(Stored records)

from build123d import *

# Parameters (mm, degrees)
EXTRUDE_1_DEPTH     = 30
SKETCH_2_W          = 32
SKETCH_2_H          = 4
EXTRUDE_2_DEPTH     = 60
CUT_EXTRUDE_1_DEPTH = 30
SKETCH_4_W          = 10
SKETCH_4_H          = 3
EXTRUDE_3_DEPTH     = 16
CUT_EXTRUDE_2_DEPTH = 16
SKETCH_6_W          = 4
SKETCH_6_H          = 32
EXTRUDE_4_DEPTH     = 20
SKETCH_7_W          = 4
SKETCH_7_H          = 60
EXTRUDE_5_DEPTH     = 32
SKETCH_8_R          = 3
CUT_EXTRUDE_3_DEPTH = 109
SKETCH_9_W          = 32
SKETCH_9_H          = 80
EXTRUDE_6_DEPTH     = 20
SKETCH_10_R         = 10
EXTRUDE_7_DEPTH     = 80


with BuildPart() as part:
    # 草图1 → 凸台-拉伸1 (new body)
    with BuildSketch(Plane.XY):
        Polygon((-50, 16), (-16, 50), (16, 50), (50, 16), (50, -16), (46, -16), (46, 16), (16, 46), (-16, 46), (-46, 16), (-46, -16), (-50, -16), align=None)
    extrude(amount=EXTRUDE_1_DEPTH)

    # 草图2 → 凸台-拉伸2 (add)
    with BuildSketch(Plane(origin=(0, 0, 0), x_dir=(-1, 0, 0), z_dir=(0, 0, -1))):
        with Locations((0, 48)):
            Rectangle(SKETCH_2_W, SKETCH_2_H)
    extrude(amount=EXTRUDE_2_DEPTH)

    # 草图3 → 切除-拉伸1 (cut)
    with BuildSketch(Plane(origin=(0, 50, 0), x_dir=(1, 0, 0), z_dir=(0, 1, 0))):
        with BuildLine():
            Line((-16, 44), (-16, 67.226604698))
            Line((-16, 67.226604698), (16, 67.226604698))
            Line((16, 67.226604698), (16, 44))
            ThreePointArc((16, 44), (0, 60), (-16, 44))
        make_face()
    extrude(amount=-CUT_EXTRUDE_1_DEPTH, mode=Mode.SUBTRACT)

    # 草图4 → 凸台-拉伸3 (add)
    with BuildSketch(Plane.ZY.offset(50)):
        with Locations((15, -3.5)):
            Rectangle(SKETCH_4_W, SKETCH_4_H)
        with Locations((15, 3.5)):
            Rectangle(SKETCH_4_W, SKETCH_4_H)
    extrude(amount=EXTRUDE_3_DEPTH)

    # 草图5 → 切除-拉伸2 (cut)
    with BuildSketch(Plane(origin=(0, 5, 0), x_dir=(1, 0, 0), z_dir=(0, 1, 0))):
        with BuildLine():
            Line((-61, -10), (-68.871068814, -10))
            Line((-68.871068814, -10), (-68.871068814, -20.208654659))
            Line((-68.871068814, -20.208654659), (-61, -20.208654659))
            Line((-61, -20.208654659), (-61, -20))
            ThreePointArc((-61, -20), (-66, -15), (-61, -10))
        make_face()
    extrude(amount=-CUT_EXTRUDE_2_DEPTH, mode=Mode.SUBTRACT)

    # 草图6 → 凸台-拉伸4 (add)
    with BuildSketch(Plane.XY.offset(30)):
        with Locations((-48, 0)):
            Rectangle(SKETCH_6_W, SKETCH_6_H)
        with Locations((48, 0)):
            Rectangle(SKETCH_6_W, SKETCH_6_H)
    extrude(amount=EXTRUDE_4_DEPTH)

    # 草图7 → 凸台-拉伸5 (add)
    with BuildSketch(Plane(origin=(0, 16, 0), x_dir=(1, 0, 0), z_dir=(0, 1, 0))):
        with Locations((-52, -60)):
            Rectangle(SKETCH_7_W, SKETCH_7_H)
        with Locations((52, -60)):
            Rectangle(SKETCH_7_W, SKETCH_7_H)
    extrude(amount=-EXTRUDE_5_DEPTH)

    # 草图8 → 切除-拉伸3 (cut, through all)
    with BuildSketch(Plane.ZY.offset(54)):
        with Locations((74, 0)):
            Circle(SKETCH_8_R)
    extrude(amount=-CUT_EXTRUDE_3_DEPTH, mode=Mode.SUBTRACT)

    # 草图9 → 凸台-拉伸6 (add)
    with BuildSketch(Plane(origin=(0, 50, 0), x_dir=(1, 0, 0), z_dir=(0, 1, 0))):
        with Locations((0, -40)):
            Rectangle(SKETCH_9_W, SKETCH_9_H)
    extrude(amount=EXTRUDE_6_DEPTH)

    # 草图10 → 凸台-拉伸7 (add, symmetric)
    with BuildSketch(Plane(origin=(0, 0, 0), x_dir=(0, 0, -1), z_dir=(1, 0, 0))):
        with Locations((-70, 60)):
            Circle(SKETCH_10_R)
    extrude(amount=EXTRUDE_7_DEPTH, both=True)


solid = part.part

### What is required
Copy out the entries. Leave every line exactly as it is.

### Written response
from build123d import *

# Parameters (mm, degrees)
EXTRUDE_1_DEPTH     = 30
SKETCH_2_W          = 32
SKETCH_2_H          = 4
EXTRUDE_2_DEPTH     = 60
CUT_EXTRUDE_1_DEPTH = 30
SKETCH_4_W          = 10
SKETCH_4_H          = 3
EXTRUDE_3_DEPTH     = 16
CUT_EXTRUDE_2_DEPTH = 16
SKETCH_6_W          = 4
SKETCH_6_H          = 32
EXTRUDE_4_DEPTH     = 20
SKETCH_7_W          = 4
SKETCH_7_H          = 60
EXTRUDE_5_DEPTH     = 32
SKETCH_8_R          = 3
CUT_EXTRUDE_3_DEPTH = 109
SKETCH_9_W          = 32
SKETCH_9_H          = 80
EXTRUDE_6_DEPTH     = 20
SKETCH_10_R         = 10
EXTRUDE_7_DEPTH     = 80


with BuildPart() as part:
    # 草图1 → 凸台-拉伸1 (new body)
    with BuildSketch(Plane.XY):
        Polygon((-50, 16), (-16, 50), (16, 50), (50, 16), (50, -16), (46, -16), (46, 16), (16, 46), (-16, 46), (-46, 16), (-46, -16), (-50, -16), align=None)
    extrude(amount=EXTRUDE_1_DEPTH)

    # 草图2 → 凸台-拉伸2 (add)
    with BuildSketch(Plane(origin=(0, 0, 0), x_dir=(-1, 0, 0), z_dir=(0, 0, -1))):
        with Locations((0, 48)):
            Rectangle(SKETCH_2_W, SKETCH_2_H)
    extrude(amount=EXTRUDE_2_DEPTH)

    # 草图3 → 切除-拉伸1 (cut)
    with BuildSketch(Plane(origin=(0, 50, 0), x_dir=(1, 0, 0), z_dir=(0, 1, 0))):
        with BuildLine():
            Line((-16, 44), (-16, 67.226604698))
            Line((-16, 67.226604698), (16, 67.226604698))
            Line((16, 67.226604698), (16, 44))
            ThreePointArc((16, 44), (0, 60), (-16, 44))
        make_face()
    extrude(amount=-CUT_EXTRUDE_1_DEPTH, mode=Mode.SUBTRACT)

    # 草图4 → 凸台-拉伸3 (add)
    with BuildSketch(Plane.ZY.offset(50)):
        with Locations((15, -3.5)):
            Rectangle(SKETCH_4_W, SKETCH_4_H)
        with Locations((15, 3.5)):
            Rectangle(SKETCH_4_W, SKETCH_4_H)
    extrude(amount=EXTRUDE_3_DEPTH)

    # 草图5 → 切除-拉伸2 (cut)
    with BuildSketch(Plane(origin=(0, 5, 0), x_dir=(1, 0, 0), z_dir=(0, 1, 0))):
        with BuildLine():
            Line((-61, -10), (-68.871068814, -10))
            Line((-68.871068814, -10), (-68.871068814, -20.208654659))
            Line((-68.871068814, -20.208654659), (-61, -20.208654659))
            Line((-61, -20.208654659), (-61, -20))
            ThreePointArc((-61, -20), (-66, -15), (-61, -10))
        make_face()
    extrude(amount=-CUT_EXTRUDE_2_DEPTH, mode=Mode.SUBTRACT)

    # 草图6 → 凸台-拉伸4 (add)
    with BuildSketch(Plane.XY.offset(30)):
        with Locations((-48, 0)):
            Rectangle(SKETCH_6_W, SKETCH_6_H)
        with Locations((48, 0)):
            Rectangle(SKETCH_6_W, SKETCH_6_H)
    extrude(amount=EXTRUDE_4_DEPTH)

    # 草图7 → 凸台-拉伸5 (add)
    with BuildSketch(Plane(origin=(0, 16, 0), x_dir=(1, 0, 0), z_dir=(0, 1, 0))):
        with Locations((-52, -60)):
            Rectangle(SKETCH_7_W, SKETCH_7_H)
        with Locations((52, -60)):
            Rectangle(SKETCH_7_W, SKETCH_7_H)
    extrude(amount=-EXTRUDE_5_DEPTH)

    # 草图8 → 切除-拉伸3 (cut, through all)
    with BuildSketch(Plane.ZY.offset(54)):
        with Locations((74, 0)):
            Circle(SKETCH_8_R)
    extrude(amount=-CUT_EXTRUDE_3_DEPTH, mode=Mode.SUBTRACT)

    # 草图9 → 凸台-拉伸6 (add)
    with BuildSketch(Plane(origin=(0, 50, 0), x_dir=(1, 0, 0), z_dir=(0, 1, 0))):
        with Locations((0, -40)):
            Rectangle(SKETCH_9_W, SKETCH_9_H)
    extrude(amount=EXTRUDE_6_DEPTH)

    # 草图10 → 凸台-拉伸7 (add, symmetric)
    with BuildSketch(Plane(origin=(0, 0, 0), x_dir=(0, 0, -1), z_dir=(1, 0, 0))):
        with Locations((-70, 60)):
            Circle(SKETCH_10_R)
    extrude(amount=EXTRUDE_7_DEPTH, both=True)


solid = part.part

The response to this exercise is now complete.